> **WHAT TO WORK ON**: In the records that come next, find every line with "part". Return those lines.

[Stored entries]
# # # # # # #
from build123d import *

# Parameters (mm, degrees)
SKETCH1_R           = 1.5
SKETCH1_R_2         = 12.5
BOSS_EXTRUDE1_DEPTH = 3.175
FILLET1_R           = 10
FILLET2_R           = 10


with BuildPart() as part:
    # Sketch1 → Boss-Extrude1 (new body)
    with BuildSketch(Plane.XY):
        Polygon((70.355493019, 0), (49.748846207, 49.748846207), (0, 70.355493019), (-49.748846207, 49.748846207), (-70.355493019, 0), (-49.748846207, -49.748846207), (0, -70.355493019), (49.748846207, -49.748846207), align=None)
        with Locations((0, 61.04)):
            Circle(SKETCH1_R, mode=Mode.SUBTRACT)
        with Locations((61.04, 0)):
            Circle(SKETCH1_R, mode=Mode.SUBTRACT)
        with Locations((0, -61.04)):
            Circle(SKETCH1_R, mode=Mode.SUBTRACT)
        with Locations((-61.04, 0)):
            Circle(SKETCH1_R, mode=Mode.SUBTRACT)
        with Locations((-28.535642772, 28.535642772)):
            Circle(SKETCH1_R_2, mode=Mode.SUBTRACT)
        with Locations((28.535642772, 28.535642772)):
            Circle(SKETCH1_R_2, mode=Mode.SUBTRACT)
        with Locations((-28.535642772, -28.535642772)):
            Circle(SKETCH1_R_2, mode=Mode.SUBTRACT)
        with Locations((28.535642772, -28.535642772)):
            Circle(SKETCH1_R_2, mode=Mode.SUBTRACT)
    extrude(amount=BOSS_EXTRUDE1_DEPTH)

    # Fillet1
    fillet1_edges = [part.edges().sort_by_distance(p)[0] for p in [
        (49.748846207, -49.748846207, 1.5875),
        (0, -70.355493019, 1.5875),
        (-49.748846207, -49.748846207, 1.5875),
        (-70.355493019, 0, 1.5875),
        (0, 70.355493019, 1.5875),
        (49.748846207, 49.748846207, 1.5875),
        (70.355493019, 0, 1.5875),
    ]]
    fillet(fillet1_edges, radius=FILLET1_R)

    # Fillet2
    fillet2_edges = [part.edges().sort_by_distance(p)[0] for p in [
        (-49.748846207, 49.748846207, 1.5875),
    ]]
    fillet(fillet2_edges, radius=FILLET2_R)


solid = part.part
# # # # # # #
> **REPLY**:
with BuildPart() as part:
    fillet1_edges = [part.edges().sort_by_distance(p)[0] for p in [
    fillet2_edges = [part.edges().sort_by_distance(p)[0] for p in [
solid = part.part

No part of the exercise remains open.